As post-combustion ratio increases from 5 to 25 pct, the amount of coal required decreases from 2400 to 800 kg/THM, as shown in Figure 15. Coal is the prime source of ash entering into the system. Thus, an increase in post-combustion ratio will result in a decrease in the amount of ash entering the system. The amount of slag generated, and the flux required, will also decrease with a decrease in the ash content. This behavior is evident from Figures 16 and 17. Figure 16 shows the flux rate decreases from 410 to 240 kg/THM. Figure 17 shows that the amount of slag generated also decreases from 560 to 325 kg/THM for an increase in post-combustion ratio from 5 to 25 pct. An increase in the gas being post-combusted leads to a decrease in the amount of coal required, thus, lowering the need oxygen for coal combustion. Figure 18 shows a result that is consistent with this and shows a decrease in the oxygen required for coal combustion from 1050 to 500 Nm³/THM. Total export gas decreases from 2600 to 1800 Nm³/THM for an increase in a post-combustion ratio from 5 to 25 pct. From Figure 19, it can be seen that there is a trend in showing a decrease in the amount of reducing gas coming from the melter gasifier with an increase in post-combustion ratio.

Fig. 15

Coal required with respect to increase in post-combustion ratio

Fig. 16

Flux required with respect to increase in post-combustion ratio

Fig. 17

Slag produced with respect to increase in post-combustion ratio

Fig. 18

Oxygen required for coal combustion with respect to increase in post-combustion ratio

Fig. 19

Net export gas generated with respect to increase in post-combustion ratio

Conclusion

A thermochemical model has been developed to describe the Corex process. The model predicts the requirement of raw materials as well as the volumes of generated waste slag and top gases. Based on benchmarking using industrial data provided by JSW Steel Ltd., we show that the calculated results are in good agreement for a metallization of 78 pct and post-combustion of 20 pct (R ² ~ 0.65 to 0.80). It means that ~ 80 pct of the predicted results are in close agreement with actual observations; hence, the trends shown in this work are very likely relevant for engineers working with optimization of the Corex process. Nevertheless, some caution may be exercised while directly deducing precise changes to process variables using our results since process plant data often suffer from variations and uncertainties due to variance in raw material composition and measurement errors. Yet, by and large, the predictive model presented here can be clearly used as a guiding tool to predict the raw material requirement for the COREX process.

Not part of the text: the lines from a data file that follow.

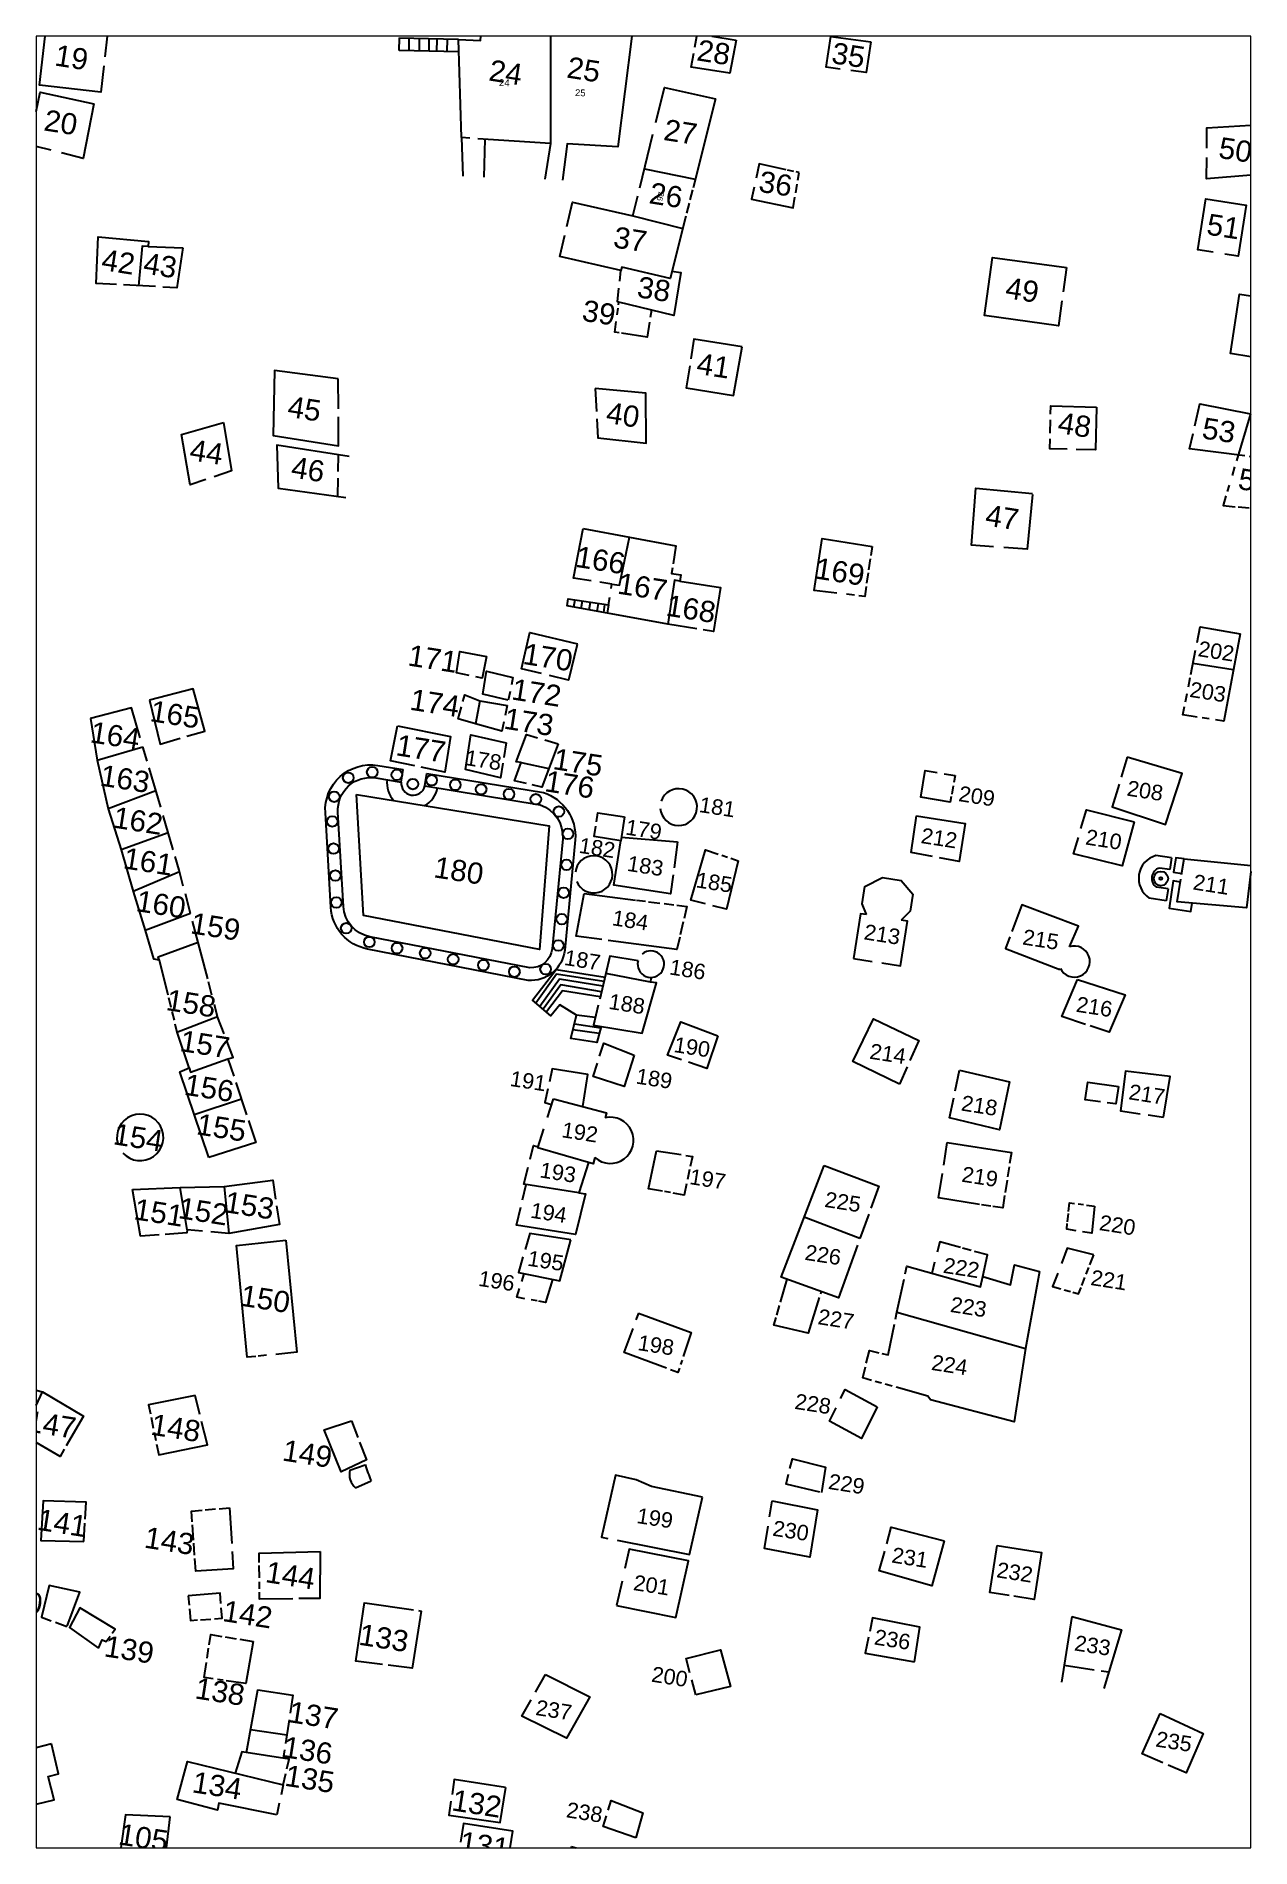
# Paper-space layout 'Plot-ML-researchers' of a CAD drawing. Header units: inches. Extents: x 0.5 to 23.4, y 1.1 to 35.3.
# The model-space entities are those that its viewports show. They can reach past a viewport. Long polylines and large blocks are cut down to what shows.
import ezdxf

# ---------------------------------------------------------------- set-up
doc = ezdxf.new("R2010")
doc.units = ezdxf.units.IN
doc.header["$MEASUREMENT"] = 0
doc.layers.add('BUILDINGS', color=40, linetype='Continuous')
doc.layers.add('NUMBERING', color=5, linetype='Continuous')
doc.styles.get("Standard").update_dxf_attribs({"font": 'arial.ttf'})

msp = doc.modelspace()

# ---------------------------------------------------------------- linework, layer by layer
at = {"layer": 'BUILDINGS'}
for points in [[(98126, 242027), (97986, 239503), (97976, 227221), (97450, 223860)], [(90354, 227721), (89587, 227772), (89300, 237011), (91388, 236914), (91449, 239012)], [(97986, 239503), (105764, 238286), (104313, 226885), (99547, 227174), (99093, 223772)], [(55890, 234545), (55610, 232059), (49833, 232710), (50453, 238207), (56230, 237556)], [(56230, 237556), (55984, 235373)], [(111574, 236282), (111808, 237534), (115468, 236957)], [(125277, 234226), (123941, 234398), (124396, 237311), (128159, 236791)], [(89300, 237011), (83676, 237144)], [(83712, 235978), (83739, 237142)], [(89336, 235845), (83712, 235978)], [(84639, 235956), (84667, 237120)], [(85614, 235933), (85641, 237097)], [(86524, 235912), (86551, 237076)], [(87269, 235894), (87297, 237058)], [(88239, 235871), (88267, 237035)], [(115468, 236957), (114881, 233836), (111223, 234408), (111470, 235728)], [(128159, 236791), (127709, 233914), (126255, 234101)], [(107897, 229205), (108701, 232491), (113528, 231416)], [(50908, 226585), (48872, 227111), (49882, 232049), (54935, 230964)], [(54935, 230964), (53947, 225801), (51891, 226331)], [(113528, 231416), (111401, 223023)], [(164976, 229022), (164891, 224320), (159792, 223888), (159803, 225882)], [(159808, 226764), (159819, 228686), (164976, 229022)], [(89587, 227772), (89699, 224139)], [(97976, 227221), (91120, 227656)], [(91798, 227613), (91694, 224037)], [(106386, 223029), (107622, 228081)], [(106825, 224821), (111611, 223854)], [(120183, 224740), (117643, 225291), (117353, 223955)], [(120885, 224587), (120311, 224712)], [(121407, 224474), (121131, 224534)], [(121282, 223760), (121407, 224474)], [(99502, 219391), (100035, 221701), (105740, 220387), (106202, 222277)], [(111357, 222849), (111114, 221893)], [(117166, 223095), (116921, 221966), (120822, 221143), (121001, 222166)], [(121074, 222579), (121216, 223388)], [(160415, 216964), (158961, 217191), (159714, 222006), (163525, 221410), (162772, 216595), (161501, 216794)], [(110728, 220371), (109238, 214491), (104678, 215556), (104603, 215232), (98850, 216558), (99316, 218583)], [(105740, 220387), (110431, 219197)], [(111035, 221580), (110800, 220653)], [(57088, 213918), (55160, 214019), (55364, 218427), (60098, 217970), (60054, 217514), (63342, 217374)], [(60054, 217514), (59506, 217537), (59140, 213811)], [(63342, 217374), (62755, 213622), (61440, 213690)], [(109410, 215172), (110235, 215043), (109604, 211005), (104273, 212294), (104418, 213586)], [(104490, 214234), (104603, 215232)], [(146161, 212383), (145838, 210046), (138868, 211008), (139622, 216469), (146594, 215523)], [(146594, 215523), (146277, 213228)], [(60763, 213726), (57751, 213883)], [(104246, 211074), (104335, 211703)], [(104377, 212002), (104414, 212260)], [(104436, 209377), (104016, 209443), (104159, 210453)], [(107303, 210390), (107079, 208964), (104645, 209345)], [(107479, 211519), (107372, 210833)], [(116028, 208069), (111478, 208781), (111186, 206912)], [(111086, 206272), (110758, 204179), (115226, 203481), (116028, 208069)], [(77972, 205043), (71950, 205831), (71829, 199702), (78005, 198736), (77991, 201463)], [(77987, 202204), (77972, 205043)], [(102187, 204138), (102295, 201953)], [(102329, 201282), (102418, 199488), (106977, 198967), (106965, 203695), (102187, 204138)], [(145097, 201718), (145116, 202509), (149425, 202365)], [(149425, 202365), (149329, 198352), (147510, 198395)], [(158681, 200608), (159153, 202678), (163931, 201743)], [(163931, 201743), (162604, 197322)], [(65505, 195551), (64018, 195055), (63193, 199781), (67170, 200919)], [(67170, 200919), (67924, 196358), (66286, 195812)], [(145055, 199927), (145085, 201188)], [(163379, 197770), (158188, 198444), (158513, 199872)], [(78991, 197715), (72174, 198781), (72309, 194736), (78696, 193863)], [(146650, 198416), (145020, 198455), (145042, 199397)], [(77969, 197875), (77947, 196299)], [(162427, 196735), (162185, 195928)], [(164759, 197591), (163829, 197712)], [(77938, 195672), (77914, 193970)], [(139720, 189223), (137646, 189377), (138043, 194740), (143388, 194234)], [(161914, 195025), (161730, 194411)], [(143380, 194148), (142891, 188988), (140700, 189150)], [(161611, 194016), (161336, 193097), (162471, 192992)], [(162771, 192965), (163802, 192869)], [(164244, 192829), (165310, 192731)], [(101798, 186009), (100141, 186268), (101044, 190927)], [(101044, 190927), (109785, 189313), (109519, 187614)], [(103751, 185704), (104456, 185593), (105414, 190120)], [(124943, 184844), (122804, 185094), (123569, 189982), (128272, 189229)], [(128100, 188071), (127945, 187030)], [(128272, 189229), (128149, 188397)], [(109459, 187233), (109376, 186700), (110250, 186563), (110159, 185984), (113992, 185384), (113343, 181234), (112369, 181386)], [(127906, 186765), (127759, 185777)], [(111755, 181482), (109033, 181908), (99541, 183634), (99649, 184322), (103442, 183728), (103557, 184463)], [(103687, 185295), (103751, 185704), (102611, 185882)], [(110159, 185984), (109650, 186063), (109033, 181908)], [(126606, 184649), (125860, 184737)], [(127713, 185471), (127574, 184536), (127011, 184602)], [(100258, 184226), (100131, 183527)], [(100875, 183392), (100988, 184112)], [(101624, 183256), (101740, 183994)], [(102369, 183120), (102488, 183877)], [(102982, 183009), (103103, 183781)], [(103442, 183728), (103317, 182948)], [(97115, 177256), (95225, 177713), (96025, 181134), (100503, 180054)], [(158895, 180178), (159190, 181666), (162940, 181020)], [(162940, 181020), (161404, 172779), (160617, 172902)], [(90318, 177073), (89102, 177326), (89419, 179351), (91933, 178882)], [(100494, 180019), (99679, 176637), (97891, 177069)], [(158300, 177171), (158754, 179462)], [(91933, 178882), (91535, 176820), (90920, 176948)], [(162308, 177628), (158505, 178210)], [(93978, 174743), (91585, 175329), (91924, 177499), (94425, 176888), (94284, 176212)], [(158070, 176014), (158243, 176886)], [(63699, 171353), (65406, 171846), (64292, 175822), (60199, 174755)], [(60199, 174755), (61184, 170627), (63062, 171169)], [(93570, 172711), (93385, 171836), (90895, 172541), (89269, 172988), (89582, 174128)], [(89718, 174620), (89896, 175267), (91320, 174687), (93898, 174252)], [(91320, 174687), (90895, 172541)], [(93898, 174252), (93696, 173304)], [(94154, 175586), (93978, 174743)], [(158889, 173172), (157549, 173382), (157700, 174146)], [(157793, 174615), (157949, 175401)], [(59318, 171220), (58490, 174038), (54631, 173043)], [(54631, 173043), (55252, 169090), (56306, 164526), (57503, 160662), (58642, 156726), (59786, 153068), (60556, 150376), (61100, 150291), (61009, 150571), (64758, 151954)], [(160046, 172991), (159366, 173098)], [(85201, 168566), (82904, 169045), (83567, 172341)], [(83567, 172341), (88534, 171330), (88011, 167980), (85783, 168445)], [(93482, 168822), (93263, 167426), (89959, 168232), (90468, 171485), (93783, 170747)], [(93783, 170747), (93565, 169350)], [(95721, 166898), (94567, 167164), (95198, 168889), (94739, 168961), (95712, 171508), (96730, 171214)], [(97423, 171014), (98706, 170644)], [(55252, 169090), (59571, 170358)], [(59964, 169019), (59571, 170358)], [(98706, 170644), (97152, 166568), (96254, 166775)], [(151542, 166851), (150900, 164700), (155909, 163057), (157482, 167853), (152304, 169401)], [(152303, 169397), (151740, 167513)], [(61240, 164670), (60153, 168376)], [(83906, 167040), (84097, 168215)], [(86141, 166677), (86332, 167851)], [(95198, 168889), (97826, 168334)], [(135732, 165692), (135627, 165138), (132877, 165615), (133270, 168130), (134413, 167939)], [(135060, 167831), (136105, 167656)], [(136105, 167656), (135981, 167000)], [(60787, 166214), (56306, 164526)], [(79681, 165870), (97841, 162917), (96925, 151264), (80346, 154454), (79681, 165870)], [(135923, 166696), (135773, 165906)], [(62416, 160667), (61467, 163897)], [(102302, 163288), (102437, 164152), (104936, 163761)], [(147951, 162667), (148461, 164425), (152980, 163283)], [(61951, 162251), (57503, 160662)], [(104936, 163761), (104584, 161515), (102086, 161905), (102237, 162871)], [(133963, 160037), (131960, 160418), (132449, 163870)], [(132449, 163870), (137043, 163152), (136481, 159557), (134635, 159909)], [(152980, 163283), (151821, 159151), (147256, 160273), (147707, 161827)], [(109520, 158292), (109289, 156502), (103946, 157338), (104584, 161515)], [(104636, 161845), (109924, 161424)], [(109924, 161424), (109607, 158963)], [(112563, 155568), (111198, 155915), (112588, 160651), (113782, 160253)], [(63373, 157246), (62982, 158736), (62605, 160021)], [(115665, 159626), (114540, 155065), (113276, 155387)], [(114127, 160138), (114652, 159964)], [(114948, 159865), (115665, 159626)], [(156494, 159888), (155018, 160119)], [(156322, 158787), (155349, 158939)], [(156494, 159888), (156322, 158787)], [(157662, 159793), (156882, 159915), (156670, 158558), (157450, 158436)], [(164015, 159164), (163557, 155189), (157030, 155751), (157365, 157891)], [(157432, 158322), (157662, 159793), (164015, 159164)], [(63022, 158585), (58642, 156726)], [(127731, 154550), (127322, 155565), (127577, 157191), (129262, 158036), (131002, 157764), (132105, 156490), (131853, 154877), (131008, 154037)], [(156155, 156965), (155067, 157136)], [(157323, 157619), (156649, 157725), (156248, 155159), (158292, 154839), (158429, 155631)], [(64053, 154646), (63565, 156511)], [(102807, 152192), (100389, 152505), (101128, 156530)], [(101128, 156530), (105970, 155923)], [(106077, 155910), (106923, 155804)], [(107217, 155767), (108278, 155634)], [(108690, 155583), (109594, 155469)], [(109869, 155435), (110812, 155317), (110553, 154188)], [(146884, 151524), (147709, 153450), (142391, 155460), (141441, 152948)], [(155982, 155864), (154392, 156113)], [(156155, 156965), (155982, 155864)], [(64053, 154646), (59786, 153068)], [(65667, 148484), (64241, 153927)], [(110477, 153860), (110199, 152650)], [(127731, 154550), (127192, 154634), (126532, 150415)], [(129195, 149999), (130940, 149726), (131600, 153944), (131008, 154037)], [(110147, 152423), (109883, 151275), (103413, 152113)], [(141255, 152457), (140845, 151371), (145962, 149369)], [(61100, 150291), (61914, 146986)], [(106216, 150183), (103562, 150648), (103160, 148861), (102606, 146574)], [(126532, 150415), (128267, 150144)], [(102743, 144004), (102327, 142510), (99896, 142891), (100418, 145063), (98841, 146034), (98011, 145015), (96275, 146478), (98490, 149392), (103113, 148669)], [(103009, 148236), (98528, 148936), (96595, 146208)], [(102474, 146028), (102013, 144125), (106597, 143365), (107952, 148110), (107402, 148196), (107471, 148634)], [(107389, 148198), (103192, 149001)], [(145962, 149369), (146012, 149485)], [(66070, 146945), (65741, 148201)], [(102908, 147819), (98828, 148457), (96957, 145903)], [(102779, 147286), (98949, 147937), (97273, 145637)], [(102664, 146814), (99103, 147372), (97579, 145380)], [(148385, 144211), (146155, 144951), (147626, 148441)], [(147626, 148441), (152113, 146988), (150614, 143472), (148828, 144064)], [(61978, 146725), (62198, 145833)], [(62298, 145428), (62498, 144613)], [(67226, 143301), (66599, 144926), (66299, 146068)], [(62582, 144272), (62776, 143485), (63905, 140108)], [(62776, 143485), (66587, 144957)], [(102564, 143360), (100085, 143678)], [(102697, 143837), (100217, 144228)], [(102190, 144856), (100418, 145063)], [(110306, 140861), (108997, 141302), (110264, 144456), (113738, 143117)], [(130842, 138581), (126464, 140696), (128410, 144735), (132671, 142683), (131831, 140798)], [(67581, 140958), (68077, 141096), (67474, 142658)], [(102594, 141196), (102986, 142424), (105862, 141295)], [(113738, 143117), (112704, 140052), (110988, 140631)], [(65764, 131664), (63051, 139750), (63909, 140098), (64043, 139715), (67581, 140958), (68127, 139319)], [(101027, 136462), (101500, 139484), (98128, 140011), (97867, 138802)], [(105862, 141295), (104915, 138359), (101989, 139302), (102385, 140542)], [(131568, 140209), (130842, 138581)], [(68325, 138725), (69339, 135681)], [(136507, 139887), (141225, 138799), (140279, 134260), (135576, 135401), (135969, 137295)], [(136101, 137932), (136507, 139887)], [(149791, 136906), (148350, 137090), (148614, 138775), (151484, 138339)], [(151484, 138339), (151231, 136723), (150431, 136825)], [(155744, 135462), (156342, 139284), (152145, 139807), (151677, 136045), (153517, 135781)], [(64407, 135707), (68839, 137183)], [(97723, 138136), (97445, 136844), (98065, 136648)], [(97685, 135446), (98237, 137192)], [(98237, 137192), (103255, 135879), (103131, 135404)], [(69514, 135154), (70206, 133077), (65764, 131664)], [(154271, 135673), (155744, 135462)], [(102156, 131663), (102002, 131073), (96777, 132573), (97347, 134377)], [(96051, 131508), (96379, 132805), (96808, 132670)], [(108528, 128482), (107200, 128717), (107972, 132294)], [(107972, 132294), (110283, 131933)], [(110728, 131863), (111352, 131765), (111144, 130817)], [(135021, 130944), (135351, 133088)], [(135351, 133088), (141396, 132143), (141233, 131106)], [(101537, 131207), (100640, 128337), (95455, 129148), (95860, 130753)], [(111082, 130535), (110871, 129576)], [(126895, 123406), (125091, 118441), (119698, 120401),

The effects of metallization and post-combustion have been studied with the help of the model presented here. In general, an increase in the degree of metallization decreases coal, flux, and oxygen requirements, and it reduces the export gas produced substantially. An increase in the post-combustion ratio (from 5 to 25 pct) reduces coal combustion by 80 pct, thus, reducing the coal, flux, and oxygen requirement by 50 pct. It is therefore recommended that the degree of metallization be above ~ 70 pct and the post-combustion ratio be ~ 20 pct. At a higher post-combustion ratio, CO₂ dissociation occurs, thus, increasing the temperature and increasing the H₂ consumption for post-combustion. Coal consumption is also low (~ 900 kg/THM) for a high post-combustion ratio (~ 20 pct).

It has been concluded that the COREX process is evidently more economical and environmentally friendly for high metallization (~ 70 pct or more) and post-combustion ratios (~ 20 pct). The predicted data are expected to enable comprehensive analysis of process variables chosen, and they can predict an impact on output parameters (with ~ 80 pct accuracy). Nevertheless, we notice fundamental thermodynamic limitations in our analysis: (1) shaft furnace as far as attainment of high metallization is concerned and (2) in the melter gasifier as far as attainment of high post-combustion is concerned. Such limitations can be addressed by developing a suitable kinetic model, which will be the next step in the current work.